Content starts
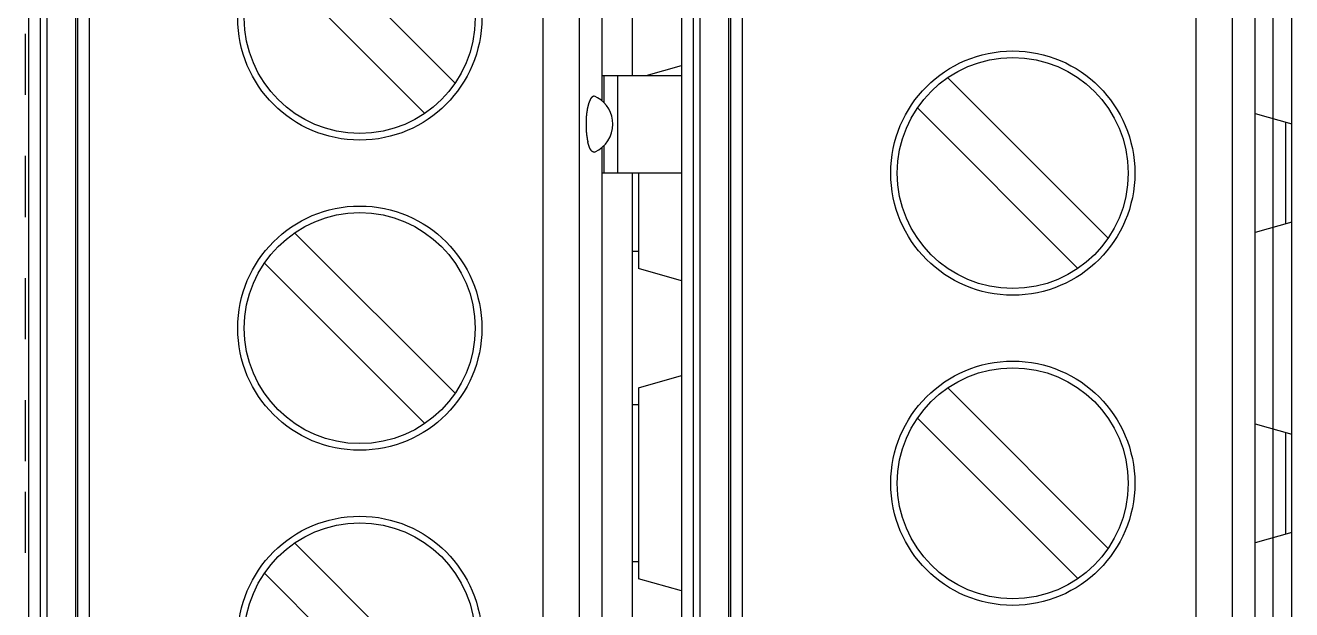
# Paper-space layout '2 DOOR PANEL LAYOUT - A1 Sheet' of a CAD drawing. Extents: x 50 to 825, y 22 to 486.
# Drawn here: x 422.26 to 424.96, y 324.07 to 325.315 of the extents above; entities that cross this region are included whole.
import ezdxf

# ---------------------------------------------------------------- set-up
doc = ezdxf.new("R2010")
doc.units = 0
doc.layers.add('N-EQPM', color=3, linetype='Continuous', lineweight=25)

psp = doc.layouts.new('2 DOOR PANEL LAYOUT - A1 Sheet')

# ---------------------------------------------------------------- linework, layer by layer
at = {"layer": 'N-EQPM', "linetype": 'Continuous'}
for p, q in [((424.9207, 322.5083), (424.9207, 326.1547)), ((424.9604, 322.5121), (424.9604, 326.1561)), ((423.6589, 325.9921), (423.6589, 322.6865)), ((423.685, 322.6865), (423.685, 325.9921)), ((423.698, 325.9921), (423.698, 322.6865)), ((423.7604, 322.6865), (423.7604, 325.9921)), ((423.7636, 325.9921), (423.7636, 322.6865)), ((423.7896, 322.6865), (423.7896, 325.9921)), ((424.756, 325.9921), (424.756, 322.6865)), ((424.8341, 322.6865), (424.8341, 325.9921)), ((422.2664, 325.6616), (422.2664, 322.356)), ((422.2924, 322.356), (422.2924, 325.6616)), ((422.3055, 325.6616), (422.3055, 322.356)), ((422.3679, 322.356), (422.3679, 325.6616)), ((422.3711, 325.6616), (422.3711, 322.356)), ((422.3971, 322.356), (422.3971, 325.6616)), ((423.3635, 325.6616), (423.3635, 322.356)), ((423.4416, 322.356), (423.4416, 325.6616)), ((423.4897, 325.2087), (423.4897, 325.6616)), ((423.5548, 325.2087), (423.5548, 325.6616)), ((423.1763, 325.1922), (422.8342, 325.5343)), ((422.7698, 325.4699), (423.1119, 325.1277)), ((424.8823, 323.293), (424.8823, 325.3855)), ((422.2599, 325.2972), (422.2599, 325.167)), ((423.5838, 325.2087), (423.6589, 325.23)), ((423.4897, 325.2087), (423.6589, 325.2087)), ((423.4897, 325.1541), (423.4897, 325.2087)), ((423.4939, 325.2087), (423.4939, 325.1503)), ((423.5232, 325.0004), (423.5232, 325.2087)), ((424.5689, 324.8616), (424.2268, 325.2037)), ((423.4749, 325.1636), (423.4726, 325.1642)), ((424.5045, 324.7972), (424.1623, 325.1393)), ((424.8823, 325.1273), (424.9604, 325.1051)), ((424.9473, 325.1088), (424.9473, 324.8921)), ((423.4897, 322.9625), (423.4897, 325.0549)), ((423.4939, 325.059), (423.4939, 325.0004)), ((422.2599, 325.0369), (422.2599, 324.9067)), ((423.4726, 325.0449), (423.4749, 325.0455)), ((423.6589, 325.0004), (423.4897, 325.0004)), ((423.5548, 323.0171), (423.5548, 325.0004)), ((423.5678, 325.0004), (423.5678, 324.7968)), ((424.9604, 324.8958), (424.8823, 324.8736)), ((423.1763, 324.531), (422.8342, 324.8731)), ((423.5678, 324.8332), (423.5548, 324.8332)), ((423.1119, 324.4666), (422.7698, 324.8087)), ((423.6589, 324.7708), (423.5678, 324.7968)), ((422.2599, 324.7766), (422.2599, 324.6465)), ((423.5678, 324.543), (423.6589, 324.5689)), ((423.5678, 324.543), (423.5678, 324.1356)), ((424.2268, 324.5426), (424.5689, 324.2005)), ((422.2599, 324.5163), (422.2599, 324.3862)), ((423.5678, 324.5066), (423.5548, 324.5066)), ((424.5045, 324.1361), (424.1623, 324.4782)), ((424.8823, 324.4662), (424.9604, 324.444)), ((424.9473, 324.4477), (424.9473, 324.231)), ((422.2599, 324.3211), (422.2599, 324.191)), ((424.9604, 324.2347), (424.8823, 324.2124)), ((422.8342, 324.212), (423.1763, 323.8699)), ((423.5678, 324.1721), (423.5548, 324.1721)), ((423.1119, 323.8055), (422.7698, 324.1476)), ((423.6589, 324.1097), (423.5678, 324.1356))]:
    psp.add_line(p, q, dxfattribs=at)
for points in [[(423.5128, 325.1046), (423.5122, 325.1131), (423.5105, 325.1215), (423.5078, 325.1295), (423.504, 325.1371), (423.4993, 325.1442), (423.4937, 325.1506), (423.4873, 325.1562), (423.4803, 325.1609), (423.4749, 325.1637)], [(423.4749, 325.0454), (423.4828, 325.0498), (423.4903, 325.0553), (423.4969, 325.0619), (423.5024, 325.0694), (423.5069, 325.0775), (423.5101, 325.0862), (423.5121, 325.0953), (423.5128, 325.1046)]]:
    psp.add_lwpolyline(points, dxfattribs=at)
at = {"layer": 'N-EQPM'}
for points in [[(423.4726, 325.1641, 0), (423.4724, 325.1641, 0), (423.4723, 325.1641, 0), (423.472, 325.1641, 0), (423.4719, 325.1641, 0), (423.4716, 325.1641, 0), (423.4715, 325.164, 0), (423.4712, 325.164, 0), (423.4711, 325.1639, 0), (423.4708, 325.1639, 0), (423.4707, 325.1637, 0), (423.4704, 325.1637, 0), (423.4703, 325.1636, 0), (423.4702, 325.1635, 0), (423.4699, 325.1633, 0), (423.4698, 325.1633, 0), (423.4695, 325.1632, 0), (423.4694, 325.1631, 0), (423.4693, 325.163, 0), (423.469, 325.1628, 0), (423.4689, 325.1627, 0), (423.4687, 325.1626, 0), (423.4685, 325.1624, 0), (423.4683, 325.1623, 0), (423.4682, 325.1622, 0), (423.4681, 325.162, 0), (423.468, 325.1618, 0), (423.4677, 325.1617, 0), (423.4676, 325.1615, 0), (423.4674, 325.1614, 0), (423.4673, 325.1613, 0), (423.4672, 325.1611, 0), (423.467, 325.1609, 0), (423.4669, 325.1607, 0), (423.4668, 325.1606, 0), (423.4667, 325.1605, 0), (423.4665, 325.1604, 0), (423.4664, 325.1601, 0), (423.4663, 325.16, 0), (423.4661, 325.1598, 0), (423.466, 325.1596, 0), (423.4659, 325.1594, 0), (423.4657, 325.1593, 0), (423.4656, 325.1592, 0), (423.4656, 325.1589, 0), (423.4655, 325.1588, 0), (423.4654, 325.1587, 0), (423.4652, 325.1584, 0), (423.4651, 325.1583, 0), (423.4651, 325.1581, 0), (423.465, 325.1579, 0), (423.4648, 325.1577, 0), (423.4647, 325.1576, 0), (423.4647, 325.1574, 0), (423.4646, 325.1572, 0), (423.4644, 325.157, 0), (423.4644, 325.1568, 0), (423.4643, 325.1567, 0), (423.4642, 325.1564, 0), (423.4641, 325.1563, 0), (423.4641, 325.1561, 0), (423.4639, 325.1559, 0), (423.4638, 325.1558, 0), (423.4638, 325.1555, 0), (423.4637, 325.1554, 0), (423.4637, 325.1551, 0), (423.4635, 325.155, 0), (423.4634, 325.1548, 0), (423.4634, 325.1546, 0), (423.4633, 325.1545, 0), (423.4631, 325.1542, 0), (423.4631, 325.1541, 0), (423.463, 325.1538, 0), (423.463, 325.1537, 0), (423.4629, 325.1535, 0), (423.4629, 325.1533, 0), (423.4628, 325.1531, 0), (423.4626, 325.1529, 0), (423.4626, 325.1528, 0), (423.4625, 325.1525, 0), (423.4625, 325.1524, 0), (423.4624, 325.1522, 0), (423.4624, 325.152, 0), (423.4622, 325.1518, 0), (423.4621, 325.1516, 0), (423.4621, 325.1514, 0), (423.462, 325.1512, 0), (423.462, 325.151, 0), (423.4618, 325.1509, 0), (423.4618, 325.1506, 0), (423.4617, 325.1505, 0), (423.4617, 325.1503, 0), (423.4616, 325.1501, 0), (423.4616, 325.1499, 0), (423.4615, 325.1497, 0), (423.4615, 325.1496, 0), (423.4613, 325.1493, 0), (423.4613, 325.1492, 0), (423.4612, 325.1489, 0), (423.4612, 325.1488, 0), (423.4611, 325.1485, 0), (423.4611, 325.1484, 0), (423.4609, 325.1481, 0), (423.4609, 325.148, 0), (423.4608, 325.1477, 0), (423.4608, 325.1476, 0), (423.4608, 325.1473, 0), (423.4607, 325.1472, 0), (423.4607, 325.1469, 0), (423.4605, 325.1468, 0), (423.4605, 325.1466, 0), (423.4604, 325.1464, 0), (423.4604, 325.1462, 0), (423.4604, 325.146, 0), (423.4603, 325.1458, 0), (423.4603, 325.1456, 0), (423.4602, 325.1454, 0), (423.4602, 325.1453, 0), (423.46, 325.145, 0), (423.46, 325.1449, 0), (423.46, 325.1446, 0), (423.4599, 325.1445, 0), (423.4599, 325.1442, 0), (423.4599, 325.1441, 0), (423.4598, 325.1438, 0), (423.4598, 325.1437, 0), (423.4596, 325.1434, 0), (423.4596, 325.1433, 0), (423.4596, 325.143, 0), (423.4595, 325.1429, 0), (423.4595, 325.1427, 0), (423.4595, 325.1425, 0), (423.4594, 325.1423, 0), (423.4594, 325.142, 0), (423.4592, 325.1419, 0), (423.4592, 325.1416, 0), (423.4592, 325.1415, 0), (423.4591, 325.1412, 0), (423.4591, 325.1411, 0), (423.4591, 325.1408, 0), (423.459, 325.1407, 0), (423.459, 325.1404, 0), (423.459, 325.1403, 0), (423.4588, 325.1401, 0), (423.4588, 325.1399, 0), (423.4588, 325.1397, 0), (423.4587, 325.1395, 0), (423.4587, 325.1393, 0), (423.4587, 325.1391, 0), (423.4587, 325.1389, 0), (423.4586, 325.1387, 0), (423.4586, 325.1385, 0), (423.4586, 325.1382, 0), (423.4585, 325.1381, 0), (423.4585, 325.1378, 0), (423.4585, 325.1377, 0), (423.4583, 325.1374, 0), (423.4583, 325.1373, 0), (423.4583, 325.1371, 0), (423.4583, 325.1369, 0), (423.4582, 325.1367, 0), (423.4582, 325.1365, 0), (423.4582, 325.1363, 0), (423.4582, 325.1361, 0), (423.4581, 325.1359, 0), (423.4581, 325.1358, 0), (423.4581, 325.1355, 0), (423.4579, 325.1352, 0), (423.4579, 325.1351, 0), (423.4579, 325.1348, 0), (423.4579, 325.1347, 0), (423.4578, 325.1345, 0), (423.4578, 325.1343, 0), (423.4578, 325.1341, 0), (423.4578, 325.1339, 0), (423.4577, 325.1337, 0), (423.4577, 325.1335, 0), (423.4577, 325.1333, 0), (423.4577, 325.1332, 0), (423.4575, 325.1329, 0), (423.4575, 325.1326, 0), (423.4575, 325.1325, 0), (423.4575, 325.1322, 0), (423.4574, 325.1321, 0), (423.4574, 325.1319, 0), (423.4574, 325.1317, 0), (423.4574, 325.1315, 0), (423.4574, 325.1313, 0), (423.4573, 325.1311, 0), (423.4573, 325.1309, 0), (423.4573, 325.1307, 0), (423.4573, 325.1304, 0), (423.4572, 325.1303, 0), (423.4572, 325.13, 0), (423.4572, 325.1299, 0), (423.4572, 325.1296, 0), (423.4572, 325.1295, 0), (423.457, 325.1292, 0), (423.457, 325.1291, 0), (423.457, 325.1289, 0), (423.457, 325.1287, 0), (423.457, 325.1285, 0), (423.4569, 325.1282, 0), (423.4569, 325.1281, 0), (423.4569, 325.1278, 0), (423.4569, 325.1277, 0), (423.4569, 325.1274, 0), (423.4569, 325.1273, 0), (423.4568, 325.127, 0), (423.4568, 325.1269, 0), (423.4568, 325.1266, 0), (423.4568, 325.1264, 0), (423.4568, 325.1263, 0), (423.4566, 325.126, 0), (423.4566, 325.1259, 0), (423.4566, 325.1256, 0), (423.4566, 325.1255, 0), (423.4566, 325.1252, 0), (423.4566, 325.1251, 0), (423.4565, 325.1248, 0), (423.4565, 325.1247, 0), (423.4565, 325.1244, 0), (423.4565, 325.1242, 0), (423.4565, 325.124, 0), (423.4565, 325.1238, 0), (423.4565, 325.1237, 0), (423.4564, 325.1234, 0), (423.4564, 325.1233, 0), (423.4564, 325.123, 0), (423.4564, 325.1229, 0), (423.4564, 325.1226, 0), (423.4564, 325.1224, 0), (423.4564, 325.1222, 0), (423.4562, 325.122, 0), (423.4562, 325.1218, 0), (423.4562, 325.1216, 0), (423.4562, 325.1214, 0), (423.4562, 325.1212, 0), (423.4562, 325.121, 0), (423.4562, 325.1208, 0), (423.4561, 325.1205, 0), (423.4561, 325.1204, 0), (423.4561, 325.1201, 0), (423.4561, 325.12, 0), (423.4561, 325.1197, 0), (423.4561, 325.1196, 0), (423.4561, 325.1194, 0), (423.4561, 325.1192, 0), (423.4561, 325.119, 0), (423.456, 325.1187, 0), (423.456, 325.1186, 0), (423.456, 325.1183, 0), (423.456, 325.1182, 0), (423.456, 325.1179, 0), (423.456, 325.1178, 0), (423.456, 325.1175, 0), (423.456, 325.1174, 0), (423.456, 325.1171, 0), (423.456, 325.1169, 0), (423.4559, 325.1168, 0), (423.4559, 325.1165, 0), (423.4559, 325.1164, 0), (423.4559, 325.1161, 0), (423.4559, 325.116, 0), (423.4559, 325.1157, 0), (423.4559, 325.1156, 0), (423.4559, 325.1153, 0), (423.4559, 325.1151, 0), (423.4559, 325.1149, 0), (423.4559, 325.1147, 0), (423.4557, 325.1145, 0), (423.4557, 325.1143, 0), (423.4557, 325.1142, 0), (423.4557, 325.1139, 0), (423.4557, 325.1136, 0), (423.4557, 325.1135, 0), (423.4557, 325.1132, 0), (423.4557, 325.1131, 0), (423.4557, 325.1129, 0), (423.4557, 325.1127, 0), (423.4557, 325.1125, 0), (423.4557, 325.1123, 0), (423.4557, 325.1121, 0), (423.4557, 325.1118, 0), (423.4557, 325.1117, 0), (423.4557, 325.1114, 0), (423.4556, 325.1113, 0), (423.4556, 325.111, 0), (423.4556, 325.1109, 0), (423.4556, 325.1106, 0), (423.4556, 325.1105, 0), (423.4556, 325.1102, 0), (423.4556, 325.11, 0), (423.4556, 325.1099, 0), (423.4556, 325.1096, 0), (423.4556, 325.1095, 0), (423.4556, 325.1092, 0), (423.4556, 325.1091, 0), (423.4556, 325.1088, 0), (423.4556, 325.1086, 0), (423.4556, 325.1084, 0), (423.4556, 325.1082, 0), (423.4556, 325.108, 0), (423.4556, 325.1078, 0), (423.4556, 325.1076, 0), (423.4556, 325.1074, 0), (423.4556, 325.1073, 0), (423.4556, 325.107, 0), (423.4556, 325.1067, 0), (423.4556, 325.1066, 0), (423.4556, 325.1063, 0), (423.4556, 325.1062, 0), (423.4556, 325.106, 0), (423.4556, 325.1058, 0), (423.4556, 325.1056, 0), (423.4556, 325.1054, 0), (423.4556, 325.1052, 0), (423.4556, 325.1049, 0), (423.4556, 325.1048, 0), (423.4556, 325.1045, 0)], [(423.4556, 325.1045, 0), (423.4556, 325.1044, 0), (423.4556, 325.1043, 0), (423.4556, 325.104, 0), (423.4556, 325.1039, 0), (423.4556, 325.1037, 0), (423.4556, 325.1035, 0), (423.4556, 325.1034, 0), (423.4556, 325.1032, 0), (423.4556, 325.1031, 0), (423.4556, 325.1028, 0), (423.4556, 325.1027, 0), (423.4556, 325.1026, 0), (423.4556, 325.1023, 0), (423.4556, 325.1022, 0), (423.4556, 325.102, 0), (423.4556, 325.1018, 0), (423.4556, 325.1017, 0), (423.4556, 325.1015, 0), (423.4556, 325.1014, 0), (423.4556, 325.1011, 0), (423.4556, 325.101, 0), (423.4556, 325.1009, 0), (423.4556, 325.1006, 0), (423.4556, 325.1005, 0), (423.4556, 325.1004, 0), (423.4556, 325.1001, 0), (423.4556, 325.1, 0), (423.4556, 325.0998, 0), (423.4556, 325.0997, 0), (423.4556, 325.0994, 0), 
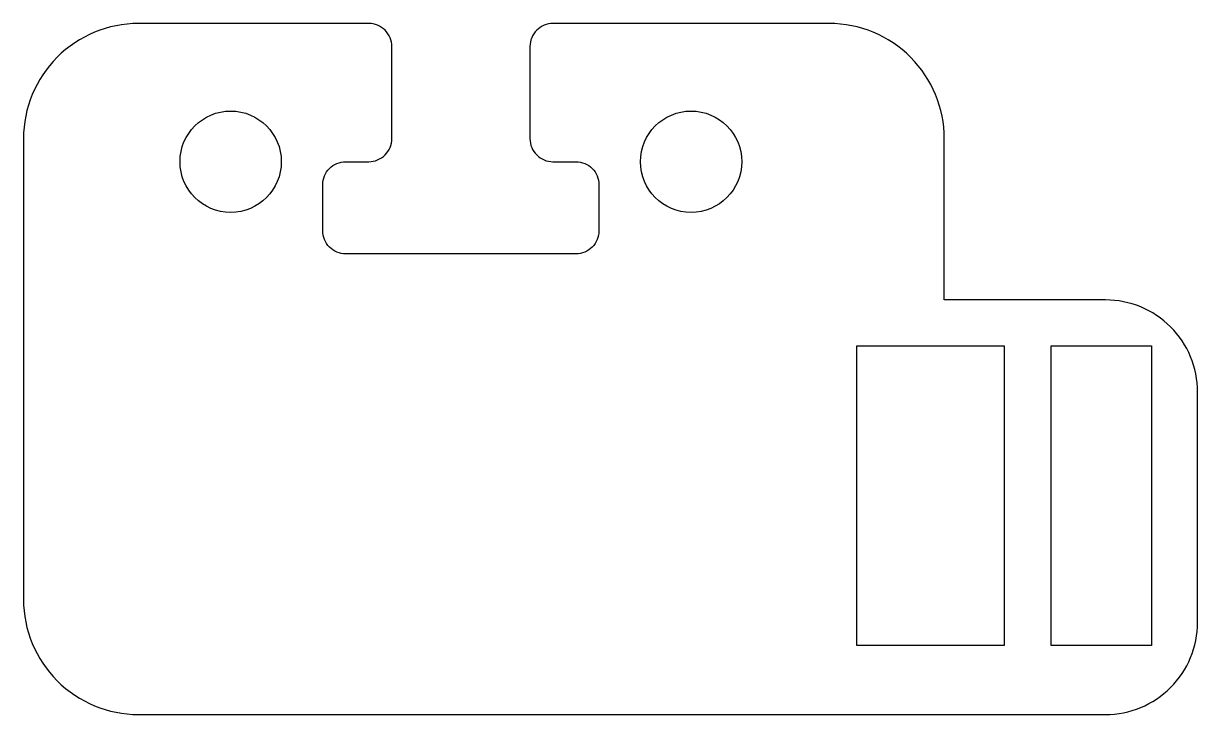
# Model space of a CAD drawing. Header units: millimetres. Extents: x -11.5 to 14, y -15 to 0.
import ezdxf

# ---------------------------------------------------------------- set-up
doc = ezdxf.new("R2010")
doc.units = ezdxf.units.MM

msp = doc.modelspace()

# ---------------------------------------------------------------- linework, layer by layer
msp.add_lwpolyline([(-11.5, -12.5, 0.414214), (-9, -15), (12, -15, 0.414214), (14, -13), (14, -8, 0.414214), (12, -6), (8.5, -6), (8.5, -2.5, 0.414214), (6, 0), (0, 0, 0.414214), (-0.5, -0.5), (-0.5, -2.5, 0.414214), (0, -3), (0.5, -3, -0.414214), (1, -3.5), (1, -4.5, -0.414214), (0.5, -5), (-4.5, -5, -0.414214), (-5, -4.5), (-5, -3.5, -0.414214), (-4.5, -3), (-4, -3, 0.414214), (-3.5, -2.5), (-3.5, -0.5, 0.414214), (-4, 0), (-9, 0, 0.414214), (-11.5, -2.5)], format="xyb", close=True)
for points in [[(9.8, -13.5), (6.6, -13.5), (6.6, -7), (9.8, -7)], [(10.82, -7), (13, -7), (13, -13.5), (10.82, -13.5)]]:
    msp.add_lwpolyline(points, close=True)
for centre in [(-7, -3), (3, -3)]:
    msp.add_circle(centre, 1.1)

doc.saveas('drawing.dxf')
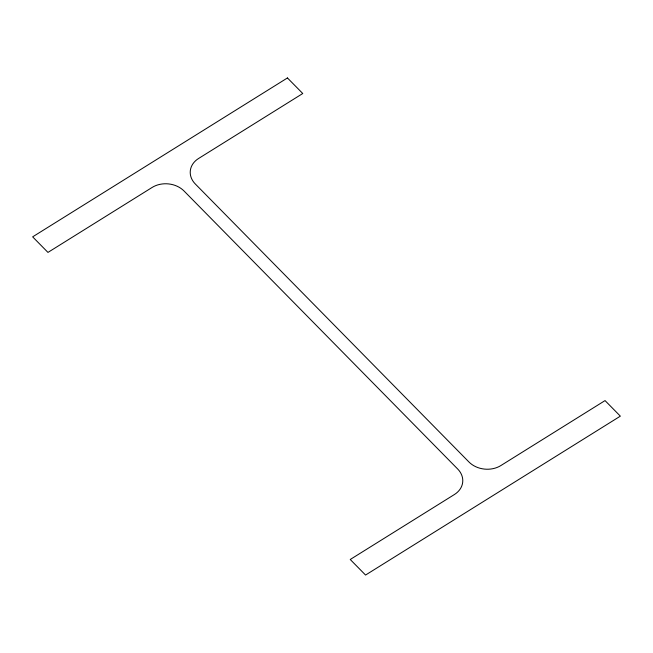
<?xml version="1.0" encoding="UTF-8"?>
<svg xmlns="http://www.w3.org/2000/svg" width="653" height="653" viewBox="0 0 653 653"><rect width="100%" height="100%" fill="white"/><g stroke="black" fill="none" stroke-linecap="round" stroke-linejoin="round"><path stroke-width="0.98" d="M287.442 77.952L32.65 236.851L47.963 252.409L152.157 187.427A22.692 18.17 4.8 0 1 184.04 191.002L457.696 469.017A22.692 18.17 4.8 0 1 454.431 494.509L350.237 559.49L365.558 575.048L620.35 416.149L605.037 400.591L500.843 465.573A22.692 18.17 4.8 0 1 468.96 461.998L195.304 183.983A22.692 18.17 4.8 0 1 198.569 158.491L302.763 93.51L287.442 77.952"/></g></svg>
Content ends
#### REQUIREMENT
The lines wanted are those from the one with "doc.saveas('drawing.dxf')" to the end of the entries above, repeated exactly, both ends included. Leave out the pictures.

#### RESPONSE BELOW
doc.saveas('drawing.dxf')
<?xml version="1.0" encoding="UTF-8"?>
<svg xmlns="http://www.w3.org/2000/svg" width="653" height="653" viewBox="0 0 653 653"><rect width="100%" height="100%" fill="white"/><g stroke="black" fill="none" stroke-linecap="round" stroke-linejoin="round"><path stroke-width="0.98" d="M287.442 77.952L32.65 236.851L47.963 252.409L152.157 187.427A22.692 18.17 4.8 0 1 184.04 191.002L457.696 469.017A22.692 18.17 4.8 0 1 454.431 494.509L350.237 559.49L365.558 575.048L620.35 416.149L605.037 400.591L500.843 465.573A22.692 18.17 4.8 0 1 468.96 461.998L195.304 183.983A22.692 18.17 4.8 0 1 198.569 158.491L302.763 93.51L287.442 77.952"/></g></svg>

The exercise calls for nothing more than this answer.